While there is some relief that at least the Justice Department and the FDA-OCI understand it’s merely human error and are only charging Gary and Apothécure with misdemeanors, it’s still troubling that a human error is being pursued under criminal law at all. It’s as if nothing was learned from the Eric Cropp case, or what was learned is being willfully ignored.

I strongly believe criminal prosecution should be reserved only for the most egregious of offenses, where there is a repeating pattern of conduct which endangers human life. Are there cases where criminal prosecution is the most fitting remedy? Yes. Does a shipment of two bad lots of colchicine qualify as such an egregious offense? Probably not. If it had been a repeat pattern over a longer period of time of substandard quality control, then criminal prosecution would make more sense to me. In this case, I don’t think Gary or Apothécure should be subject to more than a civil or administrative penalty.

Quoting Steve’s Healthblog post:

This was also dealing with a compounded drug… we all are aware of how the FDA is AGAINST Pharmacist compounding… could these criminal charges – 5 years after the fact be at the prodding by the FDA to the Justice dept?

If the FDA is pursuing this only to advance its own agenda against compounding pharmacies, it’s despicable and abhorrent. Especially when there are so many other areas of healthcare that need more aggressive and stringent regulatory oversight.

There’s another great post in HealthBlog which shows where the priorities really lay for at least one pharmacy. Hint: it’s not about patient safety, or customer service. Quoting the post:

[…] [T]he chain store where [another pharmacy blogger] works… puts anyone wanting a flu/vaccine shot AHEAD of all waiting Rxs.. […] WHY??? because … giving flu/vaccine are MORE PROFITABLE to the chain than filling the typical prescription(s).

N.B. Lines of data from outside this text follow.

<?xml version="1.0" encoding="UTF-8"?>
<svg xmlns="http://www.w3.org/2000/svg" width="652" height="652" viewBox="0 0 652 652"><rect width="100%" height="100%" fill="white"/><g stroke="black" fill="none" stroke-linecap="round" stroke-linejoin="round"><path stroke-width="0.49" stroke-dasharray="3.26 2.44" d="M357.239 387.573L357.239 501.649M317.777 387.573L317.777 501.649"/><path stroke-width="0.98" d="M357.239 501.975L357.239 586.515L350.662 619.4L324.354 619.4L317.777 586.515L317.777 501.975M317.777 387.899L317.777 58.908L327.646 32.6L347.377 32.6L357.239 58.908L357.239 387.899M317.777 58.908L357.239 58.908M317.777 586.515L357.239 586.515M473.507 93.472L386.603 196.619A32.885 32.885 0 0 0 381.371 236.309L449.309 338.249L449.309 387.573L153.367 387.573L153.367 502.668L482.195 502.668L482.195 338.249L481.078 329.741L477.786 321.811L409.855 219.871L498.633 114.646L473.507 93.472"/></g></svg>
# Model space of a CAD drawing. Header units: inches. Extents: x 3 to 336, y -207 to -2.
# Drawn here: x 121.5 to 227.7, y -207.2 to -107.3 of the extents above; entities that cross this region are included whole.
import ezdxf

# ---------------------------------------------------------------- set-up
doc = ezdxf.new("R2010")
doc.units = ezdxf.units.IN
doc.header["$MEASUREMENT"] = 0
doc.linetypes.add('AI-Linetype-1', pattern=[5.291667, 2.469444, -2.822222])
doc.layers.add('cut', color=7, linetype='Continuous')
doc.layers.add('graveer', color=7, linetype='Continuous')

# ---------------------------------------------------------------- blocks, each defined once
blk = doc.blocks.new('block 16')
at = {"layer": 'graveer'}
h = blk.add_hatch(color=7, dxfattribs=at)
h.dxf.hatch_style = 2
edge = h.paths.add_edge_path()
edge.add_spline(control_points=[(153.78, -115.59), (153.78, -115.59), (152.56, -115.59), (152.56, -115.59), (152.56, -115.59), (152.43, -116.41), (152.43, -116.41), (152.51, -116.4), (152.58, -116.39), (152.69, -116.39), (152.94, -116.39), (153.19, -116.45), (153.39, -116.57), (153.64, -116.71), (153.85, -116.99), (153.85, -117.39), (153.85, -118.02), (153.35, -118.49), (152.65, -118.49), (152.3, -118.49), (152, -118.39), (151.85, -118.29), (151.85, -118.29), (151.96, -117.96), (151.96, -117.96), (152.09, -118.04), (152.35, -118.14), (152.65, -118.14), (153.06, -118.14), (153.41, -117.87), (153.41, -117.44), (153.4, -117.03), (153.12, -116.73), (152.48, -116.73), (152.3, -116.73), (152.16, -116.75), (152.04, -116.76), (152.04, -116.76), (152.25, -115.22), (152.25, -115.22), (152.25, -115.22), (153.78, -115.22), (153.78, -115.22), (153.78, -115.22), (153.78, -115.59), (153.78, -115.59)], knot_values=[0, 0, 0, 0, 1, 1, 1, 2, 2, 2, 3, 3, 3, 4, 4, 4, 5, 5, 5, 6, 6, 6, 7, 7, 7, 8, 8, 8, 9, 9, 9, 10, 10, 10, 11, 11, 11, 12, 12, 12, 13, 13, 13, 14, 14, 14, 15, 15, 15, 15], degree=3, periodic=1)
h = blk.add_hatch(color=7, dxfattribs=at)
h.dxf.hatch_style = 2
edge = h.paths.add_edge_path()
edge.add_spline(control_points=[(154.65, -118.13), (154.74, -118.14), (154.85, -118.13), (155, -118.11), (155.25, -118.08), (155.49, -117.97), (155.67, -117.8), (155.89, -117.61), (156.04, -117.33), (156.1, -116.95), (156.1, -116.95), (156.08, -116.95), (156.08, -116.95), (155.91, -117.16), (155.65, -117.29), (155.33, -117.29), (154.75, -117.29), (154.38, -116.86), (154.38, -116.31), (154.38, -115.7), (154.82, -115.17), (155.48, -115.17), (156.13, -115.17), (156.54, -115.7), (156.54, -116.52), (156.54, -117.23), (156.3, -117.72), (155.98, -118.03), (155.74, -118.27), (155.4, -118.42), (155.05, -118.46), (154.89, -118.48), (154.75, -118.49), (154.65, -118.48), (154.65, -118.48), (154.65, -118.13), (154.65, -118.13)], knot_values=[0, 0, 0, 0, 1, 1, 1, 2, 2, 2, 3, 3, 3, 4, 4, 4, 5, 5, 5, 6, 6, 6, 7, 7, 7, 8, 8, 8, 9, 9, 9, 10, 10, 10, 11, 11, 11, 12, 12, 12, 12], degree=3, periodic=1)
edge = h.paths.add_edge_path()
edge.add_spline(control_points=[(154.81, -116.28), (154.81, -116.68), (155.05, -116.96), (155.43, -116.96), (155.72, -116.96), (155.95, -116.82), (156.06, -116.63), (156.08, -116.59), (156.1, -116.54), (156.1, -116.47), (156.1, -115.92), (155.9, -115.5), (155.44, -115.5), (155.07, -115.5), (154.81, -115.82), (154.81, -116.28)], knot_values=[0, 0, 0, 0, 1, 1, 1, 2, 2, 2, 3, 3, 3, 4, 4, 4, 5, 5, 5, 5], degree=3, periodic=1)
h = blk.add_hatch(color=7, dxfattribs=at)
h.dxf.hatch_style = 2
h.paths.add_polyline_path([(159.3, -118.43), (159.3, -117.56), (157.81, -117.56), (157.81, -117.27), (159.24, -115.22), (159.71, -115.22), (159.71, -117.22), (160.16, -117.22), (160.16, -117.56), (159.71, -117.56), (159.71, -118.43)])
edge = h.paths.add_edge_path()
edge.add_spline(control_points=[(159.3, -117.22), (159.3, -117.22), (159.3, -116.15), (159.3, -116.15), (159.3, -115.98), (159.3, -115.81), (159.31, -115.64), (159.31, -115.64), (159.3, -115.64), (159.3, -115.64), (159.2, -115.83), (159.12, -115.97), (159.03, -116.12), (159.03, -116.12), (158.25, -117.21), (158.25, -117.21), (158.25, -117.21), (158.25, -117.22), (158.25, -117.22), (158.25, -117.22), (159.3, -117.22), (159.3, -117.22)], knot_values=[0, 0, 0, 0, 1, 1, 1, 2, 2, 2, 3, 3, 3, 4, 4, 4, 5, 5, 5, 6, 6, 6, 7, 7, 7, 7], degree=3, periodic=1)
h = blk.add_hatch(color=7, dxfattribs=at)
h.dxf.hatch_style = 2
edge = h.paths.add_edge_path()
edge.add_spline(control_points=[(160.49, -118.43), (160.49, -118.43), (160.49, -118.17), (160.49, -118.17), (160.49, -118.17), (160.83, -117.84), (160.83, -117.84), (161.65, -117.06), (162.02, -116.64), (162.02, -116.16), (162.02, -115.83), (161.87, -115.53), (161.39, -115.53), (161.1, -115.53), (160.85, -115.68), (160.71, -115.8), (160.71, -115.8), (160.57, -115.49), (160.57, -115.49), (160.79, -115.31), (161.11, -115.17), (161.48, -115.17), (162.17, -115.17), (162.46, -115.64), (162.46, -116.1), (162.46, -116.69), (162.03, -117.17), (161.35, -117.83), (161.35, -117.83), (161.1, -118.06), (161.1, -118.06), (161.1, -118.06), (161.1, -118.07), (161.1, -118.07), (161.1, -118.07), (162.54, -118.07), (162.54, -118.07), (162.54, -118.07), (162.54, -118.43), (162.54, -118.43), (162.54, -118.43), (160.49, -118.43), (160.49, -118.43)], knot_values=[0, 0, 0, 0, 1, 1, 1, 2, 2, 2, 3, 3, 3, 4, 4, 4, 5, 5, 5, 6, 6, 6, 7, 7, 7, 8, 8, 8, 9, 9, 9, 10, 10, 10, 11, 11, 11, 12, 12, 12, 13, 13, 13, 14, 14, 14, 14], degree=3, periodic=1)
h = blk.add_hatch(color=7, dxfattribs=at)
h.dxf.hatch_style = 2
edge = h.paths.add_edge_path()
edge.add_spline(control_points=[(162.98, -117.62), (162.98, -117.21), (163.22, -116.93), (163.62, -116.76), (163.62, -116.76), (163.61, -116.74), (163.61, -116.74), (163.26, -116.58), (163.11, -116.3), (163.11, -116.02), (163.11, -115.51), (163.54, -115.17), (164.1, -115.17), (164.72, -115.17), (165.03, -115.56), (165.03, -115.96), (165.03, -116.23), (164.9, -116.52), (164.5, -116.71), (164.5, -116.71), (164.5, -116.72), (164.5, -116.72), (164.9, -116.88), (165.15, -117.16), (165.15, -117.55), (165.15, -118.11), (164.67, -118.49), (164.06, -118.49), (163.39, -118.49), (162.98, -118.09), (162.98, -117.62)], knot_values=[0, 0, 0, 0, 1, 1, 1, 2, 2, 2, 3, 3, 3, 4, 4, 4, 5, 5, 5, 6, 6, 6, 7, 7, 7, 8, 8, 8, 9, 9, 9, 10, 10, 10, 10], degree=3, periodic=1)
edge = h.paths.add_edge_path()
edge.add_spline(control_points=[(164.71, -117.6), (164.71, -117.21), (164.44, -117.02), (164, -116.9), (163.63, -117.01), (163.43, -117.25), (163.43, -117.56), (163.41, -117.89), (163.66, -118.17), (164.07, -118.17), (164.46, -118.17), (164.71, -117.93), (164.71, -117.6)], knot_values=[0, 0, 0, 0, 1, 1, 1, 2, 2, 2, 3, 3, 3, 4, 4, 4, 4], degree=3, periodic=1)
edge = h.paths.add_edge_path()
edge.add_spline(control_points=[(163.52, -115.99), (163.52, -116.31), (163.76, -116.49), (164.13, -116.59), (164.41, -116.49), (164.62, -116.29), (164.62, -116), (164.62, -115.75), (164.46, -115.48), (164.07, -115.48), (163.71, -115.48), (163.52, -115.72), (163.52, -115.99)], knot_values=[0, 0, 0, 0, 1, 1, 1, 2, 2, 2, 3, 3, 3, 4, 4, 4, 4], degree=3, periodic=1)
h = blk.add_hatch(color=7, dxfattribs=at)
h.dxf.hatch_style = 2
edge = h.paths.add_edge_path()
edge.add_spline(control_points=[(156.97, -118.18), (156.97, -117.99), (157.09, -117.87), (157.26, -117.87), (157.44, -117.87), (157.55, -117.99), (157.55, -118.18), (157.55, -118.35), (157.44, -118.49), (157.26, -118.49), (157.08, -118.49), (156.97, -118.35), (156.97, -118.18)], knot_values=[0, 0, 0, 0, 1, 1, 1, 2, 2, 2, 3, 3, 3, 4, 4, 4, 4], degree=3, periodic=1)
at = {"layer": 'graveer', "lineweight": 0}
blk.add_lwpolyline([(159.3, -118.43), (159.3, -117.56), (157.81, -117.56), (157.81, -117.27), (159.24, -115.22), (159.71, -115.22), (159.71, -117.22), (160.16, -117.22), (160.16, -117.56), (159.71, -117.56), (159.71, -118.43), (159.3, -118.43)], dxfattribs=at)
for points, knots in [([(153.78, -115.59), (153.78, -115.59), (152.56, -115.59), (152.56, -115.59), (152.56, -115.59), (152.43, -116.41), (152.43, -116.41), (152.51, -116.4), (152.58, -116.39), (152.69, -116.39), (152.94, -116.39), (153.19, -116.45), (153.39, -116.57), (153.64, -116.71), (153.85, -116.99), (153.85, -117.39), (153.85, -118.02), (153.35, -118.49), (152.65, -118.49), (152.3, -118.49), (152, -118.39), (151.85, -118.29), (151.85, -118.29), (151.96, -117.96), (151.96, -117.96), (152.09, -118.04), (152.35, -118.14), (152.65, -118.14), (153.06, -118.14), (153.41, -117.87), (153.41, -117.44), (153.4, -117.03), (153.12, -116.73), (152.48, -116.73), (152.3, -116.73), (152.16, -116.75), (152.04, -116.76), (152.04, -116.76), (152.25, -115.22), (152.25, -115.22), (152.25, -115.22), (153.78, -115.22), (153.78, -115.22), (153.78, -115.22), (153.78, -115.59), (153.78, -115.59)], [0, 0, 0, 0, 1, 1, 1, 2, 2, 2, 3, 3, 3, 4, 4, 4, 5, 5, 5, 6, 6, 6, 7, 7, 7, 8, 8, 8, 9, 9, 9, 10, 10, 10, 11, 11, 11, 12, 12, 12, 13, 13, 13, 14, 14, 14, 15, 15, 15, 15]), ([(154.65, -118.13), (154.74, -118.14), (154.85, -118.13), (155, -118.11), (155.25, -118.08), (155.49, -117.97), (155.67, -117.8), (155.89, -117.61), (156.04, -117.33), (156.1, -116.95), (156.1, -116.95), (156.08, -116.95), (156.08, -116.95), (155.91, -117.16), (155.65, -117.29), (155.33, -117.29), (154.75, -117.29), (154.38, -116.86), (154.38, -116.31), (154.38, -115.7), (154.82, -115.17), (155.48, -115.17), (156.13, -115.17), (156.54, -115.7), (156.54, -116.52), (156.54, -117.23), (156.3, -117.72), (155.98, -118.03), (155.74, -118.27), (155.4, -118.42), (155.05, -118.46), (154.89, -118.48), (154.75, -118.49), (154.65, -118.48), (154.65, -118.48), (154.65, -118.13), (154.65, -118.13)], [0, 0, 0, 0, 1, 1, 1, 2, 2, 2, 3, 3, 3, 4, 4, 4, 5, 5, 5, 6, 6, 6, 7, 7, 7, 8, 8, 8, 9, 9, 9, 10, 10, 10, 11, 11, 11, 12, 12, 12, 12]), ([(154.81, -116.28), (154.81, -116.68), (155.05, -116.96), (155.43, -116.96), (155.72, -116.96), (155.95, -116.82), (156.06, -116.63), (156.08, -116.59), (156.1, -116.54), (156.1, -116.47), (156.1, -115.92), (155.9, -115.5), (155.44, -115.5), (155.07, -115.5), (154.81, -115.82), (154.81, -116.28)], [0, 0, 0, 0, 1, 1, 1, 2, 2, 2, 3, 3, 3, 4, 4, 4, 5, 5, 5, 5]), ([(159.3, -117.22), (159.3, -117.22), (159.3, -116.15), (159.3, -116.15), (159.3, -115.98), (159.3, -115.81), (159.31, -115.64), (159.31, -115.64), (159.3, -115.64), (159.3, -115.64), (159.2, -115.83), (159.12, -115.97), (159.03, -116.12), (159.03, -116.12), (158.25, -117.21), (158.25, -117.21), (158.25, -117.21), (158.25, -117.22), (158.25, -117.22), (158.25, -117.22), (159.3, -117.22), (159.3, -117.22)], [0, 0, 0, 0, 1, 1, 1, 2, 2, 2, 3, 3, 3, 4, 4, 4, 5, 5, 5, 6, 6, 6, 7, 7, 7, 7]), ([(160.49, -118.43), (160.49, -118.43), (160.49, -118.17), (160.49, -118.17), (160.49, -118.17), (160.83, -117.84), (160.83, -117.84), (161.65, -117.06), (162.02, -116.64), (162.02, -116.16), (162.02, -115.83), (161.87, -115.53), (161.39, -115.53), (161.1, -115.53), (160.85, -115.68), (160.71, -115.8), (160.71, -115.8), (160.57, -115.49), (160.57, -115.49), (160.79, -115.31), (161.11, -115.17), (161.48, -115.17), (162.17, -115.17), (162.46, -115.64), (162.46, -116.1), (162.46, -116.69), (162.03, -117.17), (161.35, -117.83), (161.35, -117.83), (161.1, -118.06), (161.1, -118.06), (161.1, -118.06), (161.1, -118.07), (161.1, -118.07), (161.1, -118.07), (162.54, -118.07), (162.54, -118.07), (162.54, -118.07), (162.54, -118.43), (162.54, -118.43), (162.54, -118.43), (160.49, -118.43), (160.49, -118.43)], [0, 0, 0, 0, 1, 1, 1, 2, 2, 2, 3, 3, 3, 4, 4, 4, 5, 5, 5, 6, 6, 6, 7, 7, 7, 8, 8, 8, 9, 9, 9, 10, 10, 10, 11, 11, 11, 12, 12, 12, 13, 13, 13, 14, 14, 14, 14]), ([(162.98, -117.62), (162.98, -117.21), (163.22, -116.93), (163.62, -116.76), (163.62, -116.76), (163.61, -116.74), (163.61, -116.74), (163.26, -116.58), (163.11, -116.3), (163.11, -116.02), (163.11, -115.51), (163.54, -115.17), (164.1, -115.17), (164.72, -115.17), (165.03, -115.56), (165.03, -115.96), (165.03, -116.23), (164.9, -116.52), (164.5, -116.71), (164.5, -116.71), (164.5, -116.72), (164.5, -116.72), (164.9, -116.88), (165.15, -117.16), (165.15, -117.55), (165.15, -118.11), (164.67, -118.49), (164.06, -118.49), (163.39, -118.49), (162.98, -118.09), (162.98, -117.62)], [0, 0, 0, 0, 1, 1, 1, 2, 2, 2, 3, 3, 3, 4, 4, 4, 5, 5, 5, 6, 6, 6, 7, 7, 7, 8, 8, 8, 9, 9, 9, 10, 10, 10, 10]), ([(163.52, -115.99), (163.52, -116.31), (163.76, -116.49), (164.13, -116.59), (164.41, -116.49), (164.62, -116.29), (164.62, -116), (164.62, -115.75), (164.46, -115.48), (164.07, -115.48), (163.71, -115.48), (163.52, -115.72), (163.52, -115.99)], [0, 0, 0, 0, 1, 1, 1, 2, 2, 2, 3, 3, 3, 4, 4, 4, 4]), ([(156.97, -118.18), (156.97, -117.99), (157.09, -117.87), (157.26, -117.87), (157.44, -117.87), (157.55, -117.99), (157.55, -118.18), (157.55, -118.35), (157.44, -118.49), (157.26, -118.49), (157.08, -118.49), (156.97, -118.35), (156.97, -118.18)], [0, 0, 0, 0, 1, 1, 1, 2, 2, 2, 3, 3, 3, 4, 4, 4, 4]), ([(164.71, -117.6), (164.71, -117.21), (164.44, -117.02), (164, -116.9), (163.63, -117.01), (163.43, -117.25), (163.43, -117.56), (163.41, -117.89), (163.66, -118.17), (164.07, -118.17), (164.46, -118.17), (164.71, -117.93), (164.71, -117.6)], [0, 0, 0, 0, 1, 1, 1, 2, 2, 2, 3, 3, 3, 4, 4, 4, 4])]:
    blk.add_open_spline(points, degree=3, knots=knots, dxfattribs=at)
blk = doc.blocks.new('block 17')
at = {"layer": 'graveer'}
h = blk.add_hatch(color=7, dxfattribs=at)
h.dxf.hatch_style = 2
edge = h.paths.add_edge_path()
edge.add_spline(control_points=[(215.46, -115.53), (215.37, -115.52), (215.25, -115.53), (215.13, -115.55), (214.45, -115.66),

In all honesty, this kind of thing should be illegal, and the pharmacy chains doing this should be hit with huge monetary penalties. This is the most despicable, horrendous, and egregious thing I have ever heard of in our healthcare system! It’s a shame that the blogger in question does not (and cannot, lest he risk his job) reveal which chain pharmacy this is with this insane policy.

When an otherwise good pharmacist like Eric Cropp loses his license and goes to jail after what is, in all honesty, one really bad day, and we have pharmacists willing to go along with ludicrous policies like this, it’s a wonder we don’t have more meltdowns in our healthcare system.

I fear the message we are sending to would-be pharmacists is this: Sure, become a pharmacist. Work 12 hour days with no rest breaks, let alone meal breaks, and take all the blame when one of your technicians screws up despite your best efforts to check his/her work. And if you’re really unlucky, you make a mistake (due to the work conditions setting you up for failure) and someone dies, you could actually go to prison and lose your license (like Eric Cropp did) while the technician that actually made the mistake walks free.

(There’s another way to look at this, too. How many other pharmacists around the US have made a mistake resulting in someone’s death in the past 20 years? I would be willing to bet most of them didn’t go to jail for their mistakes. So, if we assume for the moment that Eric Cropp’s imprisonment was just, that means that untold numbers of pharmacists out there got away with it.)

In light of this, who will want to become a pharmacist today? What happened to Eric Cropp is just the beginning of setting us up for a serious shortage of pharmacists within the next 10 years, if not sooner. We can’t wait 10 years to realize we have this kind of a problem. The time to start is now.